:: WHAT IS REQUIRED ::
Where the line containing "#94=DIRECTION('',(0.,0.,-1.));" appears in the records below, begin there and write out each line exactly until the last one, and nothing more.

Records from a dataset:
____
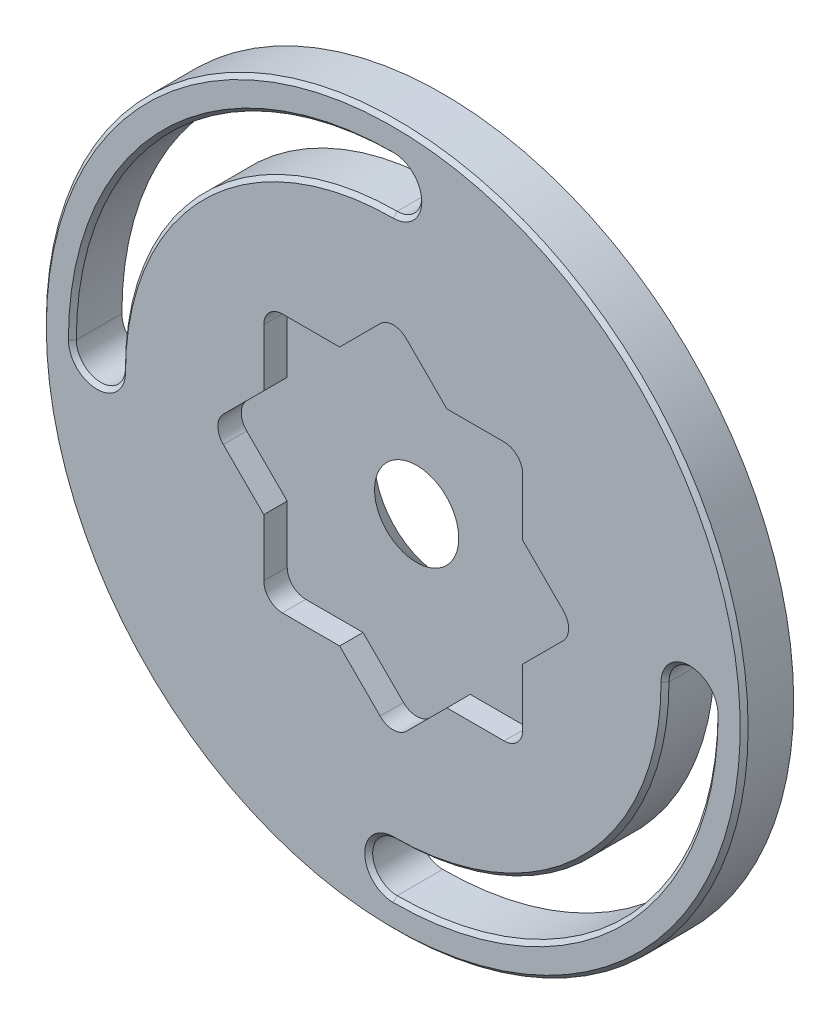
ISO-10303-21;
HEADER;
FILE_DESCRIPTION(('STEP AP214'),'2;1');
FILE_NAME('part.step','',(''),(''),'','','');
FILE_SCHEMA(('AUTOMOTIVE_DESIGN { 1 0 10303 214 1 1 1 1 }'));
ENDSEC;
DATA;
#1=APPLICATION_CONTEXT('core data for automotive mechanical design processes');
#2=APPLICATION_PROTOCOL_DEFINITION('international standard','automotive_design',2000,#1);
#3=PRODUCT_CONTEXT('',#1,'mechanical');
#4=PRODUCT('Part','Part','',(#3));
#5=PRODUCT_RELATED_PRODUCT_CATEGORY('part','',(#4));
#6=PRODUCT_DEFINITION_FORMATION('','',#4);
#7=PRODUCT_DEFINITION_CONTEXT('part definition',#1,'design');
#8=PRODUCT_DEFINITION('design','',#6,#7);
#9=PRODUCT_DEFINITION_SHAPE('','',#8);
#10=(LENGTH_UNIT() NAMED_UNIT(*) SI_UNIT(.MILLI.,.METRE.));
#11=(NAMED_UNIT(*) PLANE_ANGLE_UNIT() SI_UNIT($,.RADIAN.));
#12=(NAMED_UNIT(*) SI_UNIT($,.STERADIAN.) SOLID_ANGLE_UNIT());
#13=UNCERTAINTY_MEASURE_WITH_UNIT(LENGTH_MEASURE(1.E-05),#10,'distance_accuracy_value','');
#14=(GEOMETRIC_REPRESENTATION_CONTEXT(3) GLOBAL_UNCERTAINTY_ASSIGNED_CONTEXT((#13)) GLOBAL_UNIT_ASSIGNED_CONTEXT((#10,
#11,#12)) REPRESENTATION_CONTEXT('',''));
#15=CARTESIAN_POINT('',(0.,0.,0.));
#16=DIRECTION('',(0.,0.,1.));
#17=DIRECTION('',(1.,0.,0.));
#18=AXIS2_PLACEMENT_3D('',#15,#16,#17);
#19=CARTESIAN_POINT('',(0.,-20.1083490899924,6.35));
#20=DIRECTION('',(0.,0.,-1.));
#21=DIRECTION('',(-1.,0.,0.));
#22=AXIS2_PLACEMENT_3D('',#19,#20,#21);
#23=CYLINDRICAL_SURFACE('',#22,2.38125);
#24=DIRECTION('',(0.,0.,1.));
#25=VECTOR('',#24,1.);
#26=CARTESIAN_POINT('',(-1.68379802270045,-21.7921471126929,6.35));
#27=LINE('',#26,#25);
#28=CARTESIAN_POINT('',(-1.68379802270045,-21.7921471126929,3.35));
#29=VERTEX_POINT('',#28);
#30=CARTESIAN_POINT('',(-1.68379802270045,-21.7921471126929,6.35));
#31=VERTEX_POINT('',#30);
#32=EDGE_CURVE('E226',#29,#31,#27,.T.);
#33=ORIENTED_EDGE('',*,*,#32,.T.);
#34=CARTESIAN_POINT('',(0.,-20.1083490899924,6.35));
#35=DIRECTION('',(0.,0.,-1.));
#36=DIRECTION('',(-1.,0.,0.));
#37=AXIS2_PLACEMENT_3D('',#34,#35,#36);
#38=CIRCLE('',#37,2.38125);
#39=CARTESIAN_POINT('',(1.68379802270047,-21.7921471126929,6.35));
#40=VERTEX_POINT('',#39);
#41=EDGE_CURVE('E220',#31,#40,#38,.F.);
#42=ORIENTED_EDGE('',*,*,#41,.T.);
#43=DIRECTION('',(0.,0.,1.));
#44=VECTOR('',#43,1.);
#45=CARTESIAN_POINT('',(1.68379802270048,-21.7921471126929,6.35));
#46=LINE('',#45,#44);
#47=CARTESIAN_POINT('',(1.68379802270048,-21.7921471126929,3.35));
#48=VERTEX_POINT('',#47);
#49=EDGE_CURVE('E211',#40,#48,#46,.F.);
#50=ORIENTED_EDGE('',*,*,#49,.T.);
#51=CARTESIAN_POINT('',(0.,-20.1083490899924,3.35));
#52=DIRECTION('',(0.,0.,-1.));
#53=DIRECTION('',(-1.,0.,0.));
#54=AXIS2_PLACEMENT_3D('',#51,#52,#53);
#55=CIRCLE('',#54,2.38125);
#56=EDGE_CURVE('E377',#29,#48,#55,.F.);
#57=ORIENTED_EDGE('',*,*,#56,.F.);
#58=EDGE_LOOP('',(#33,#42,#50,#57));
#59=FACE_BOUND('',#58,.T.);
#60=ADVANCED_FACE('F15',(#59),#23,.F.);
#61=CARTESIAN_POINT('',(0.,-23.4759451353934,6.35));
#62=DIRECTION('',(0.707106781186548,-0.707106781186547,0.));
#63=DIRECTION('',(0.707106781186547,0.707106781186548,0.));
#64=AXIS2_PLACEMENT_3D('',#61,#62,#63);
#65=PLANE('',#64);
#66=DIRECTION('',(0.707106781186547,0.707106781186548,0.));
#67=VECTOR('',#66,1.);
#68=CARTESIAN_POINT('',(1.68379802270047,-21.7921471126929,6.35));
#69=LINE('',#68,#67);
#70=CARTESIAN_POINT('',(6.87594513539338,-16.6,6.35));
#71=VERTEX_POINT('',#70);
#72=EDGE_CURVE('E215',#40,#71,#69,.T.);
#73=ORIENTED_EDGE('',*,*,#72,.T.);
#74=DIRECTION('',(0.,0.,-1.));
#75=VECTOR('',#74,1.);
#76=CARTESIAN_POINT('',(6.87594513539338,-16.6,6.35));
#77=LINE('',#76,#75);
#78=CARTESIAN_POINT('',(6.87594513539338,-16.6,3.35));
#79=VERTEX_POINT('',#78);
#80=EDGE_CURVE('E202',#71,#79,#77,.T.);
#81=ORIENTED_EDGE('',*,*,#80,.T.);
#82=DIRECTION('',(0.707106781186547,0.707106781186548,0.));
#83=VECTOR('',#82,1.);
#84=CARTESIAN_POINT('',(1.68379802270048,-21.7921471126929,3.35));
#85=LINE('',#84,#83);
#86=EDGE_CURVE('E380',#48,#79,#85,.T.);
#87=ORIENTED_EDGE('',*,*,#86,.F.);
#88=ORIENTED_EDGE('',*,*,#49,.F.);
#89=EDGE_LOOP('',(#73,#81,#87,#88));
#90=FACE_BOUND('',#89,.T.);
#91=ADVANCED_FACE('F216',(#90),#65,.F.);
#92=CARTESIAN_POINT('',(-16.6,-16.6,6.35));
#93=DIRECTION('',(0.,-1.,0.));
#94=DIRECTION('',(0.,0.,-1.));
#95=AXIS2_PLACEMENT_3D('',#92,#93,#94);
#96=PLANE('',#95);
#97=DIRECTION('',(-1.,0.,0.));
#98=VECTOR('',#97,1.);
#99=CARTESIAN_POINT('',(0.,-16.6,6.35));
#100=LINE('',#99,#98);
#101=CARTESIAN_POINT('',(14.21875,-16.6,6.35));
#102=VERTEX_POINT('',#101);
#103=EDGE_CURVE('E197',#71,#102,#100,.F.);
#104=ORIENTED_EDGE('',*,*,#103,.T.);
#105=DIRECTION('',(0.,0.,-1.));
#106=VECTOR('',#105,1.);
#107=CARTESIAN_POINT('',(14.21875,-16.6,6.35));
#108=LINE('',#107,#106);
#109=CARTESIAN_POINT('',(14.21875,-16.6,3.35));
#110=VERTEX_POINT('',#109);
#111=EDGE_CURVE('E210',#102,#110,#108,.T.);
#112=ORIENTED_EDGE('',*,*,#111,.T.);
#113=DIRECTION('',(1.,0.,0.));
#114=VECTOR('',#113,1.);
#115=CARTESIAN_POINT('',(0.,-16.6,3.35));
#116=LINE('',#115,#114);
#117=EDGE_CURVE('E206',#79,#110,#116,.T.);
#118=ORIENTED_EDGE('',*,*,#117,.F.);
#119=ORIENTED_EDGE('',*,*,#80,.F.);
#120=EDGE_LOOP('',(#104,#112,#118,#119));
#121=FACE_BOUND('',#120,.T.);
#122=ADVANCED_FACE('F204',(#121),#96,.F.);
#123=CARTESIAN_POINT('',(14.21875,-14.21875,6.35));
#124=DIRECTION('',(0.,0.,-1.));
#125=DIRECTION('',(-1.,0.,0.));
#126=AXIS2_PLACEMENT_3D('',#123,#124,#125);
#127=CYLINDRICAL_SURFACE('',#126,2.38125);
#128=ORIENTED_EDGE('',*,*,#111,.F.);
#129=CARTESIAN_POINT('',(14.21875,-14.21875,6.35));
____
:: WRITTEN ANSWER ::
#94=DIRECTION('',(0.,0.,-1.));
#95=AXIS2_PLACEMENT_3D('',#92,#93,#94);
#96=PLANE('',#95);
#97=DIRECTION('',(-1.,0.,0.));
#98=VECTOR('',#97,1.);
#99=CARTESIAN_POINT('',(0.,-16.6,6.35));
#100=LINE('',#99,#98);
#101=CARTESIAN_POINT('',(14.21875,-16.6,6.35));
#102=VERTEX_POINT('',#101);
#103=EDGE_CURVE('E197',#71,#102,#100,.F.);
#104=ORIENTED_EDGE('',*,*,#103,.T.);
#105=DIRECTION('',(0.,0.,-1.));
#106=VECTOR('',#105,1.);
#107=CARTESIAN_POINT('',(14.21875,-16.6,6.35));
#108=LINE('',#107,#106);
#109=CARTESIAN_POINT('',(14.21875,-16.6,3.35));
#110=VERTEX_POINT('',#109);
#111=EDGE_CURVE('E210',#102,#110,#108,.T.);
#112=ORIENTED_EDGE('',*,*,#111,.T.);
#113=DIRECTION('',(1.,0.,0.));
#114=VECTOR('',#113,1.);
#115=CARTESIAN_POINT('',(0.,-16.6,3.35));
#116=LINE('',#115,#114);
#117=EDGE_CURVE('E206',#79,#110,#116,.T.);
#118=ORIENTED_EDGE('',*,*,#117,.F.);
#119=ORIENTED_EDGE('',*,*,#80,.F.);
#120=EDGE_LOOP('',(#104,#112,#118,#119));
#121=FACE_BOUND('',#120,.T.);
#122=ADVANCED_FACE('F204',(#121),#96,.F.);
#123=CARTESIAN_POINT('',(14.21875,-14.21875,6.35));
#124=DIRECTION('',(0.,0.,-1.));
#125=DIRECTION('',(-1.,0.,0.));
#126=AXIS2_PLACEMENT_3D('',#123,#124,#125);
#127=CYLINDRICAL_SURFACE('',#126,2.38125);
#128=ORIENTED_EDGE('',*,*,#111,.F.);
#129=CARTESIAN_POINT('',(14.21875,-14.21875,6.35));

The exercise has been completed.